Он даже представить не мог, какие бури, какие шквалы разразятся тогда, какие бездны его поглотят. Ему мерещилось что-то ужасное. Он уже наглотался то одних, то других наставлений. Он уже и мысли не выносил, что новые наставления обрушатся на него. Лицо его помертвело, осунулось, побелели дрожащие губы, беспомощно, загнанно озирались глаза. Николай Васильевич в исступлении причитал:

— Господи, друзей должен остерегаться я, даже самых ближайших друзей! О Господи, что же творится со мной?

Его бил холодный озноб. Ледяными неловкими пальцами запахнул он у самого горла тёплый сюртук и засунул руки под мышки. Он вдруг подумал, что сходит с ума, и тихо присел в широкое кресло. Остановились расширенные глаза, открылся бездумно и растерянно рот. Он ощутил, что задыхается, что вот-вот задохнётся совсем. Сердце колотилось поспешно, неровно и коротко. Он вдруг обхватил страшно сильными пальцами горящее пламенем темя и надавил всей холодной ладонью на лоб, испугавшись, подумав с отчаянием, что нынче только этого недоставало ему. Нет! Потирая лоб, поглаживая пальцами темя, порывисто, часто дыша, он стремительно думал о том, что абсолютно нормален, здоров, если сам же подозревает себя в сумасшествии, какие бы тёмные зловещие слухи ни распускались о нём на Москве. Уже дикой и верной представлялась ему эта внезапно пришедшая мысль. Уже стиснул он зубы, не давая воли себе распуститься. Уже несколько раз потёр шею тяжёлой рукой.

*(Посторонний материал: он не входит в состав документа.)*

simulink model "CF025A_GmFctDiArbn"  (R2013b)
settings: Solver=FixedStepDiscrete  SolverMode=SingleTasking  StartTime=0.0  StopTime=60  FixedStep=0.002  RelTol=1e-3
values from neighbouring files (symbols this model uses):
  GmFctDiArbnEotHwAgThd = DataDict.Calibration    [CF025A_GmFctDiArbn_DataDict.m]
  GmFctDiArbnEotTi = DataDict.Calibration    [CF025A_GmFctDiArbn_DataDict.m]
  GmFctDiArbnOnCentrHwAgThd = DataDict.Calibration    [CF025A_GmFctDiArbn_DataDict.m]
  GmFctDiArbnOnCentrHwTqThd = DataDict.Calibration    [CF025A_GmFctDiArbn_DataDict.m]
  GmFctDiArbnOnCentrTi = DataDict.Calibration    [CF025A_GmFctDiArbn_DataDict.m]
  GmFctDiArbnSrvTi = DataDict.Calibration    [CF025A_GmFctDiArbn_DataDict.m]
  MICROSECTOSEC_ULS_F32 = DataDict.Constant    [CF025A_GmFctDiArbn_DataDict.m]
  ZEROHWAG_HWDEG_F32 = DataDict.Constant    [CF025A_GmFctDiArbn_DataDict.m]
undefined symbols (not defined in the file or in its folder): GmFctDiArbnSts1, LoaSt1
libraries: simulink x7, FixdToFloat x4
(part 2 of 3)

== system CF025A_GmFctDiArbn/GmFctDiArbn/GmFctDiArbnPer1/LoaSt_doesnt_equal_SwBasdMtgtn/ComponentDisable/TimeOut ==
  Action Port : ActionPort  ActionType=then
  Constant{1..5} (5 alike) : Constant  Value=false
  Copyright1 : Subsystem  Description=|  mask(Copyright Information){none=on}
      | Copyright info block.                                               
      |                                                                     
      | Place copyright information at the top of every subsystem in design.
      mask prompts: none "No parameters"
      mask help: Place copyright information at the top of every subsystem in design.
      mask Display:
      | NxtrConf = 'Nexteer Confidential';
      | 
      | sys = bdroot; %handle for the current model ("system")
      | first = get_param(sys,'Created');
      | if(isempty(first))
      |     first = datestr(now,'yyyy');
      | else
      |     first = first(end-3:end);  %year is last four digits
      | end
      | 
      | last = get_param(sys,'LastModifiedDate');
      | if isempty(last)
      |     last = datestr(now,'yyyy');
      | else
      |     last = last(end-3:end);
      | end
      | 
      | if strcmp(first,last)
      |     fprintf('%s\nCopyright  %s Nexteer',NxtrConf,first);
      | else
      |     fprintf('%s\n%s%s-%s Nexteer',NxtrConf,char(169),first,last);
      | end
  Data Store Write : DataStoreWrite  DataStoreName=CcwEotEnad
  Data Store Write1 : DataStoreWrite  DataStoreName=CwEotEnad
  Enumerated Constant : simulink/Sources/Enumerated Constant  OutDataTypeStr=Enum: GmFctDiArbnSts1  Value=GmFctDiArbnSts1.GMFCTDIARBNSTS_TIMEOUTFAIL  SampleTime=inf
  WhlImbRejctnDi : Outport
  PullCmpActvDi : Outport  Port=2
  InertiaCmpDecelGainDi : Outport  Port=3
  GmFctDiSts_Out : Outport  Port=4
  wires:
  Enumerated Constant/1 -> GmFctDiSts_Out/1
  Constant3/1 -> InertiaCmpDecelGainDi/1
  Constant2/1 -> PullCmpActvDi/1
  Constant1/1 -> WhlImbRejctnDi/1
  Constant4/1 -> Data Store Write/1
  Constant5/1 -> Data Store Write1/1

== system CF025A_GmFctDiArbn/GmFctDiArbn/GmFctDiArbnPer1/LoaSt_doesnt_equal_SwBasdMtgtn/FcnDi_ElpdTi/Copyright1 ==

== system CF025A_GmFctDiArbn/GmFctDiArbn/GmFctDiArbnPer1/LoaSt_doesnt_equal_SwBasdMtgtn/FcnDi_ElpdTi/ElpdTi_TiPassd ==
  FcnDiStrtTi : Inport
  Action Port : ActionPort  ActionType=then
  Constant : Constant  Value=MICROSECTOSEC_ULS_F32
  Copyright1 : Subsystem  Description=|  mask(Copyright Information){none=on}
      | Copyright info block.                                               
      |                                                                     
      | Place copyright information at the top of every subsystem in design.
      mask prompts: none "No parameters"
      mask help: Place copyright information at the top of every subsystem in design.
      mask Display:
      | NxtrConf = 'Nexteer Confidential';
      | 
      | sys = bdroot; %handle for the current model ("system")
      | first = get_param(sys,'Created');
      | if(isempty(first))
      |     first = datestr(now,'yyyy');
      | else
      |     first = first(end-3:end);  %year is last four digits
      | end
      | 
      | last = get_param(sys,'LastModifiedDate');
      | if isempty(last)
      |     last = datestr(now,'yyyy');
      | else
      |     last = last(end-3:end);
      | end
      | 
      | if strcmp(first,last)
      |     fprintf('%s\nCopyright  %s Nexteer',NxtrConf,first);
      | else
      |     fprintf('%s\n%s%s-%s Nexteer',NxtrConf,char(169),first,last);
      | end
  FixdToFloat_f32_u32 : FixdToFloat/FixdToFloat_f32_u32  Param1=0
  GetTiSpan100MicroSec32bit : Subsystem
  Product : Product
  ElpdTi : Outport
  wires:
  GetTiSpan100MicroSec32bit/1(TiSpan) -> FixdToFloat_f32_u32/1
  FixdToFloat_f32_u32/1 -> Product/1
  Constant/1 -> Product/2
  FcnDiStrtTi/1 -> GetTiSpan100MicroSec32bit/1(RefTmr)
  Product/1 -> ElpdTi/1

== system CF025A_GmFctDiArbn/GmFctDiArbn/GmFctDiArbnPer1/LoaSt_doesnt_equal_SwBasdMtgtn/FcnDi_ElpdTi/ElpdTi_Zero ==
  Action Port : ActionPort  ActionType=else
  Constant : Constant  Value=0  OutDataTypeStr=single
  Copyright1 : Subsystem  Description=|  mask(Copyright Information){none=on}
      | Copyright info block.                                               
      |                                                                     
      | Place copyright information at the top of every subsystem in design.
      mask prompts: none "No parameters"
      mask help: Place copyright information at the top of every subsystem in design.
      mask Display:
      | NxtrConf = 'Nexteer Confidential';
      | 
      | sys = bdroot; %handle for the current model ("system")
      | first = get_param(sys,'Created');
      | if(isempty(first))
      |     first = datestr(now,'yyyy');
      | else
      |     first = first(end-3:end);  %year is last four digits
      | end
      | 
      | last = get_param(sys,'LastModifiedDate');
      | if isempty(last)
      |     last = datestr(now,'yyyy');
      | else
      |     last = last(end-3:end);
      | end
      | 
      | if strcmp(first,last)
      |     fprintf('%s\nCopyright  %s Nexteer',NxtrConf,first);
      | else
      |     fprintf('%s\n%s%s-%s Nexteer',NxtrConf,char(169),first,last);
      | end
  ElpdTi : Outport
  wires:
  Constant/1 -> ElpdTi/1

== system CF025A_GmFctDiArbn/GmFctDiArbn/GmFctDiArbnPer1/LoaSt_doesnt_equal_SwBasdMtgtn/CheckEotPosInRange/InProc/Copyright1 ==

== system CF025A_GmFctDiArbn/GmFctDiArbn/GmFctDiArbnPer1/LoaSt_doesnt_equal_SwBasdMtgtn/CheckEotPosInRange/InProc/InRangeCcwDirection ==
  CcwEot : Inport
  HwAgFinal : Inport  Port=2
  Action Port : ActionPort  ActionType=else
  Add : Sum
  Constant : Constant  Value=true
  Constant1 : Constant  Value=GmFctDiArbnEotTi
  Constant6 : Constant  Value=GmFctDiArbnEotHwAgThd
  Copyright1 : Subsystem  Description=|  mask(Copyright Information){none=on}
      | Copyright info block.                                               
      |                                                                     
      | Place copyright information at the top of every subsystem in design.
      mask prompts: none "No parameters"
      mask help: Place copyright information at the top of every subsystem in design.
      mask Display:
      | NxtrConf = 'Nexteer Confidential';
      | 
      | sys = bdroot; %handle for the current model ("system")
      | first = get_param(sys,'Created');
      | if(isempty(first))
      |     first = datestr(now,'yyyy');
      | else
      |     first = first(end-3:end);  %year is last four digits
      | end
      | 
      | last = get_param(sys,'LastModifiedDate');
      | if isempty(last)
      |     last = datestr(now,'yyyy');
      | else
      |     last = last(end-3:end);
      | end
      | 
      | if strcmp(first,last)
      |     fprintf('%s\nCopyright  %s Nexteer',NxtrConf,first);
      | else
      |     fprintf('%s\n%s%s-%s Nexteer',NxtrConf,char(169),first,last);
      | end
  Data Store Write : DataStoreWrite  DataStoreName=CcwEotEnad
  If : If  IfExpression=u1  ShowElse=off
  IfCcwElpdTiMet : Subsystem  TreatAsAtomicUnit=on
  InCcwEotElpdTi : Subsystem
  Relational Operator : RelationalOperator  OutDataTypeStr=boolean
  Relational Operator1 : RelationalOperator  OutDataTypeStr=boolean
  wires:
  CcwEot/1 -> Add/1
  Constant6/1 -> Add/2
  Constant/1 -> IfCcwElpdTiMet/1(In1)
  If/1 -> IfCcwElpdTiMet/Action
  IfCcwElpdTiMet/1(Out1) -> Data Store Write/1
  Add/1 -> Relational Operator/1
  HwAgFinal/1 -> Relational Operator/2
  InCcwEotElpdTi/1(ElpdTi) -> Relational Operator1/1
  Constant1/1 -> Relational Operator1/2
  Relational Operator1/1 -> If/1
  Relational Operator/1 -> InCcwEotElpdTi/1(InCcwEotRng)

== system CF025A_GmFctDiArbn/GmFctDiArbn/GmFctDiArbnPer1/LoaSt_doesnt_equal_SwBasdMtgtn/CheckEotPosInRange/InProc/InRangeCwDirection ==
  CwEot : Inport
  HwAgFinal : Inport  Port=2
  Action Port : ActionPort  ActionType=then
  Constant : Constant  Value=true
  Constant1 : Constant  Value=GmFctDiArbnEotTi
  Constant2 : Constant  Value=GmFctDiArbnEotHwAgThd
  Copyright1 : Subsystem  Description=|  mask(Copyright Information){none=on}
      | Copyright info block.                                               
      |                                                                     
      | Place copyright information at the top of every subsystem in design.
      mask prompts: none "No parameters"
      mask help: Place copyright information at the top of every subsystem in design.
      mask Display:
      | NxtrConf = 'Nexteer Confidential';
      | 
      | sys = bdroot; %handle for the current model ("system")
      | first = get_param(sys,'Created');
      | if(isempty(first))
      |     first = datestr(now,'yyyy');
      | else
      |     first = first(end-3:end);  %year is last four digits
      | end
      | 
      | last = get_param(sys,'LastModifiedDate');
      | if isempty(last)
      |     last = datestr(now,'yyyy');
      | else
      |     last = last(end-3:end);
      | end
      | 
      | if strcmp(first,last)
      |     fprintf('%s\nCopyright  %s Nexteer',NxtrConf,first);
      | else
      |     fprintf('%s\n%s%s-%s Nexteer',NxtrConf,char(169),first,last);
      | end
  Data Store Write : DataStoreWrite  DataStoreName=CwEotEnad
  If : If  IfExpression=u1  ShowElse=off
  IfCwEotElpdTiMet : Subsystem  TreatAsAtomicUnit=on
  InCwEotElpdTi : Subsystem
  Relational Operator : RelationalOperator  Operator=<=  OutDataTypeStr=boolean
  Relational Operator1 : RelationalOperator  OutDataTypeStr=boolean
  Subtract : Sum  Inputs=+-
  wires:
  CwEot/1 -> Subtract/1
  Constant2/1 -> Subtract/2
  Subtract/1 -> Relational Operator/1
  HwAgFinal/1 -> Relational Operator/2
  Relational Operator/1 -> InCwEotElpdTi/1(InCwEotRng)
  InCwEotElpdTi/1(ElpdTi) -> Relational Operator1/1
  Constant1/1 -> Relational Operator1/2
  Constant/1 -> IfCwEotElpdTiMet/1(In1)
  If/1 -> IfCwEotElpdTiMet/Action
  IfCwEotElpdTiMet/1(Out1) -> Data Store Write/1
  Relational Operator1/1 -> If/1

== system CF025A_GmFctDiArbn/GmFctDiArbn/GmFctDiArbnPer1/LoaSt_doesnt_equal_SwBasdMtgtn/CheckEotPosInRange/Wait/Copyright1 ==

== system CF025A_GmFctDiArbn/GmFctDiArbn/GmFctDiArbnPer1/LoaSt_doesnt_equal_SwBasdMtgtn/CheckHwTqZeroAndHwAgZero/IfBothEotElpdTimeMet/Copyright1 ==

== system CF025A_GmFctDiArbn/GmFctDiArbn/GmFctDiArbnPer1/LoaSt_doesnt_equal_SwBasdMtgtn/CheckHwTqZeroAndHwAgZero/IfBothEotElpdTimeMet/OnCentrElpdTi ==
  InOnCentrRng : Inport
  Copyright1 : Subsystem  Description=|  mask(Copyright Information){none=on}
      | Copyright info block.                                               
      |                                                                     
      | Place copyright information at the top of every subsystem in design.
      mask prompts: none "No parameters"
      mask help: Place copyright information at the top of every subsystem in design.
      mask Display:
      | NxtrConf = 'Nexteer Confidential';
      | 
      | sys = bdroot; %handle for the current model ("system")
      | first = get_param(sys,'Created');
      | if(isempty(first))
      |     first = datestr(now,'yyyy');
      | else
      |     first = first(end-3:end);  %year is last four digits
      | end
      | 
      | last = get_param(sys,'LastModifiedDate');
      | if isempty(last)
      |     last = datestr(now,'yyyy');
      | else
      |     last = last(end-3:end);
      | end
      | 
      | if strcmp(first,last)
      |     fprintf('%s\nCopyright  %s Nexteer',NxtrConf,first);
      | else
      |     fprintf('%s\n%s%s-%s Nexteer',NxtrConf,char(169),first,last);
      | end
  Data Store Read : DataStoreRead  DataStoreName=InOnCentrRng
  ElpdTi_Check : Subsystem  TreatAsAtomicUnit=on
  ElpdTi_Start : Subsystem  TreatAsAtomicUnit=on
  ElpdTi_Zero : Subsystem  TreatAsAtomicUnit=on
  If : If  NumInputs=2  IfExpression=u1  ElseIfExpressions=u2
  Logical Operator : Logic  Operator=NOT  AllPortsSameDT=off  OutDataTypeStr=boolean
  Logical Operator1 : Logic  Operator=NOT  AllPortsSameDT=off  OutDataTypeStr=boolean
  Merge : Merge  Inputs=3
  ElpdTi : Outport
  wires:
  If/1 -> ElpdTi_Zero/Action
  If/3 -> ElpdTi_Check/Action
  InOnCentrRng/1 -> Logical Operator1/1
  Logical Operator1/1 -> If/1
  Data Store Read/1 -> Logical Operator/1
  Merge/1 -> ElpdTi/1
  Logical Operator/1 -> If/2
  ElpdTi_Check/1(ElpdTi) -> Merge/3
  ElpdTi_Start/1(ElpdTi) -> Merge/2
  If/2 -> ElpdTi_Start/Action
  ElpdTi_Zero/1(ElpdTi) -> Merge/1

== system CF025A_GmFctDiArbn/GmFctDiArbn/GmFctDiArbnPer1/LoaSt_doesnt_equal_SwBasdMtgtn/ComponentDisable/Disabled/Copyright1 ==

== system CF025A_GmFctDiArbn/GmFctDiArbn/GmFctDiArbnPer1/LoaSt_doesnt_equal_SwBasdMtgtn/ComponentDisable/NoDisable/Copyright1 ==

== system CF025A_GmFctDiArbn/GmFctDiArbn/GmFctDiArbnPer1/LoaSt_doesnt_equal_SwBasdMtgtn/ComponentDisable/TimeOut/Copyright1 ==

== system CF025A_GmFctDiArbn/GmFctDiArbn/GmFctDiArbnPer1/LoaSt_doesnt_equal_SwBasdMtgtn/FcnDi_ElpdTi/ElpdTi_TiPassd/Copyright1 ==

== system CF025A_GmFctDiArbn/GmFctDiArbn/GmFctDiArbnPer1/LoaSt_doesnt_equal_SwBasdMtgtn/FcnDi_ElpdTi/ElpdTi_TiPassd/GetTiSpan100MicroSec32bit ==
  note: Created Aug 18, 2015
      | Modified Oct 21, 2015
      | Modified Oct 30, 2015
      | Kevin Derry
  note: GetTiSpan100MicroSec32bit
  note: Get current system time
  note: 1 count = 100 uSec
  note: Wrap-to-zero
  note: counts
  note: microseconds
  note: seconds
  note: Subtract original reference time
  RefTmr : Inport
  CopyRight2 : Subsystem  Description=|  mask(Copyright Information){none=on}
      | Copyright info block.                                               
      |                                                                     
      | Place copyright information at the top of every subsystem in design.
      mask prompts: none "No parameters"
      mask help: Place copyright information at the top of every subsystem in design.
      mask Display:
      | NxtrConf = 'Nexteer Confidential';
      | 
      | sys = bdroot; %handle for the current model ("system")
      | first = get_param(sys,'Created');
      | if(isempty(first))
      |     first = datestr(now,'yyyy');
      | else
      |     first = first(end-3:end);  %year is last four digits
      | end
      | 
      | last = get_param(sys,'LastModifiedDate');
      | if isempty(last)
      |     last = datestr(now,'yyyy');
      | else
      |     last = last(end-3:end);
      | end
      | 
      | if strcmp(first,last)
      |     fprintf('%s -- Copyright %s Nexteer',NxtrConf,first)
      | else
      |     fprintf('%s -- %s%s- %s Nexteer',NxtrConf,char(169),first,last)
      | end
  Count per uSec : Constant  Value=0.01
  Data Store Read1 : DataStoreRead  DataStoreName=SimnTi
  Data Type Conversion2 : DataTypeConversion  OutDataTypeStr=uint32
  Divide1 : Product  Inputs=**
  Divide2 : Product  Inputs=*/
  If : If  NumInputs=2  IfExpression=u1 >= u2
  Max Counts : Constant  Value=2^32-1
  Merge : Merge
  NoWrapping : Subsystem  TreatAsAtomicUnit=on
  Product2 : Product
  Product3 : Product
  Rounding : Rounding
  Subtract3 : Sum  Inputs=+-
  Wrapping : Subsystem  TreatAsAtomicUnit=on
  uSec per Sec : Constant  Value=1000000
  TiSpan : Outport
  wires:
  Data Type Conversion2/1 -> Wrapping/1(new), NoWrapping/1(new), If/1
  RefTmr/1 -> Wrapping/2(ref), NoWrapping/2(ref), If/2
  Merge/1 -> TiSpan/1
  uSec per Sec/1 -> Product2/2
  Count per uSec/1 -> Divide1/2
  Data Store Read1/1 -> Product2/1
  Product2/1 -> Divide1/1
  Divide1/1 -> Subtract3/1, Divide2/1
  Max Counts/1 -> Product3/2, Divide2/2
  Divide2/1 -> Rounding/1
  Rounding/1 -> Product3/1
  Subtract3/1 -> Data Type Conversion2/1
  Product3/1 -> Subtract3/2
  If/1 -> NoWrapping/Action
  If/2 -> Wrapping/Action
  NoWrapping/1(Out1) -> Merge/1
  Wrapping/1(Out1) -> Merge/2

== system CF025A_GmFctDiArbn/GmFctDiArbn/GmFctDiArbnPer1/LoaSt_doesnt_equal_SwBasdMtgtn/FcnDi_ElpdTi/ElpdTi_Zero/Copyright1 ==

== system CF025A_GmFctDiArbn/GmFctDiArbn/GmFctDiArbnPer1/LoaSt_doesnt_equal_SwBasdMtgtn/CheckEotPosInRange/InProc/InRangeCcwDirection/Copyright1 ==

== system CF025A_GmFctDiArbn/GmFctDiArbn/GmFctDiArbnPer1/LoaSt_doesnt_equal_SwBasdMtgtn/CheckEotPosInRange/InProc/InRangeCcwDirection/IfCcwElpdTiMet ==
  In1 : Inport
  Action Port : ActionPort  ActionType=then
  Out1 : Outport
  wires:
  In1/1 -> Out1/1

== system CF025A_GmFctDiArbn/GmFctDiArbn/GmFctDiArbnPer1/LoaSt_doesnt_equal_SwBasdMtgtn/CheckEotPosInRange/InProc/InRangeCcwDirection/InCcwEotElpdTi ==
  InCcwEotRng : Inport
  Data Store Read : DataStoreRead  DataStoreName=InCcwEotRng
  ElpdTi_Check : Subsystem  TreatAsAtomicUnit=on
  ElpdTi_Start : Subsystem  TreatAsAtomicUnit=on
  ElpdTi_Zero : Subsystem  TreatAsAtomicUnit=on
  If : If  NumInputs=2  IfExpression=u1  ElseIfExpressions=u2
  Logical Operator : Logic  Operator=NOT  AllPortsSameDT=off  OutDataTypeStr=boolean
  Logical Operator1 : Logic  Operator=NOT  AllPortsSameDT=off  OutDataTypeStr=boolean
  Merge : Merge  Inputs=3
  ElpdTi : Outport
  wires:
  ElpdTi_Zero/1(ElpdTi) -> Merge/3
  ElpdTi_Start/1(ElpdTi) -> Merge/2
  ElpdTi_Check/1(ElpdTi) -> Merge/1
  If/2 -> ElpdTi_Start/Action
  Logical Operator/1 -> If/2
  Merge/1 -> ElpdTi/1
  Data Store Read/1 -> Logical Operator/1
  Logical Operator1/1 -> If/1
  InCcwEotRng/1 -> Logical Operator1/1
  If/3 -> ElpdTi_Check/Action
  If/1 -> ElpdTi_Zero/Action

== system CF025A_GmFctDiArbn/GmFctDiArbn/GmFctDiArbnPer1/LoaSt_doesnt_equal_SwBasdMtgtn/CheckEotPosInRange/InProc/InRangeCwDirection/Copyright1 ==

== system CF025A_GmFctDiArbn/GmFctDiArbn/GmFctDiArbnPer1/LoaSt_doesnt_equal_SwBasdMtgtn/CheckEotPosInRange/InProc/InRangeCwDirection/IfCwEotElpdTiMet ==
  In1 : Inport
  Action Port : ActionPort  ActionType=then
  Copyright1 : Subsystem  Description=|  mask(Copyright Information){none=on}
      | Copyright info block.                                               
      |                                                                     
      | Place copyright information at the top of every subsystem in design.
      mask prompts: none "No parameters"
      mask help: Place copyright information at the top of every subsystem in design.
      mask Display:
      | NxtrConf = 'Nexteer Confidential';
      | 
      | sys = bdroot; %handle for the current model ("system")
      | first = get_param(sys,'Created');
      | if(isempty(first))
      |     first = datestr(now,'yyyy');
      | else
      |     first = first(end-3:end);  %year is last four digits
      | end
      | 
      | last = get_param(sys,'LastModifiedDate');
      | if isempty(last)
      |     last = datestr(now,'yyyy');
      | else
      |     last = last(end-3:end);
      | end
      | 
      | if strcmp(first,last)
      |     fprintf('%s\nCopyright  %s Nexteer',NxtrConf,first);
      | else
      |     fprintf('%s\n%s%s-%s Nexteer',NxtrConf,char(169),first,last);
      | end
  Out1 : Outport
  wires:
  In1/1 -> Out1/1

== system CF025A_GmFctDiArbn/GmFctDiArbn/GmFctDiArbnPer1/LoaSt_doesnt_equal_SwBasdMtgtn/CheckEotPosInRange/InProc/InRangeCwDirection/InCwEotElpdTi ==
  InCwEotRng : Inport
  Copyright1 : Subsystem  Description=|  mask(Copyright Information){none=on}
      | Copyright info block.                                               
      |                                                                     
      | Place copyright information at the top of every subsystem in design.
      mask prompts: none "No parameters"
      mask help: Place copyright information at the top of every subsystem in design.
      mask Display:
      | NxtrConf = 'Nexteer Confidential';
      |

Наконец испуг и удушье начали медленно отступать. Может быть, это излишек праздной энергии разрядился таким странным образом в беспорядке мыслей и чувств. Как знать? Он и не знал, однако нервы его увядали, он приходил понемногу в себя, исчезала опасная спутанность мыслей, настроение становилось обыкновенным и ровным. И уже не понималось ему, как о себе, создав «Мёртвые души», мог он подумать такую невероятную дичь. Он припомнил, что и как переменилось в душе, и только сумел ощутить, что эти безумные мысли о потере рассудка и о ближайших друзьях связались в его голове не случайно.

По правде сказать, друзья слишком часто бывали с ним беспощадны, то и дело изливая признанья в любви, точно любовь может оправдать всякий вздор.

Господи, что они делали с ним!..

Николай Васильевич спохватился, как бы в другой раз не сделать себе худо, и поспешил позабыть о друзьях. Он сделал несколько неверных шагов, отворил бесшумную дверь и крикнул Семёну с обычной суровостью, которую признавал печальной необходимостью в общении с домашней прислугой, склонной непременно разлениться и разбаловаться от снисходительной мягкости своего господина, однако показная суровость на этот раз вдруг окрасилась лаской, даже, может быть, раскаянием, упущенным сожалением, что давеча, когда так некстати возник Шевырев, напрасно накричал на Семёна:

— Поди затопи, стужа, как на дворе.

Семён легко и охотно вскочил с тюфячка, на котором валялся полузадумчиво, полудремотно весь день.

Заметив его состояние, Николай Васильевич укорил себя в том, что, последние дни чересчур углубившись в себя, непростительно позабыл приискивать Семёну дневную работу, так что досужий мальчишка может излениться вконец, а и без того хохлацкой лени довольно в душе.

Застенчиво улыбнувшись, тряхнув совершенно льняной головой, Семён побежал с готовностью услужить, бухая деревенскими сапогами на каких-то чрезвычайных подмётках, отдававшихся гулом на гладком полу, точно к дому подбиралась гроза.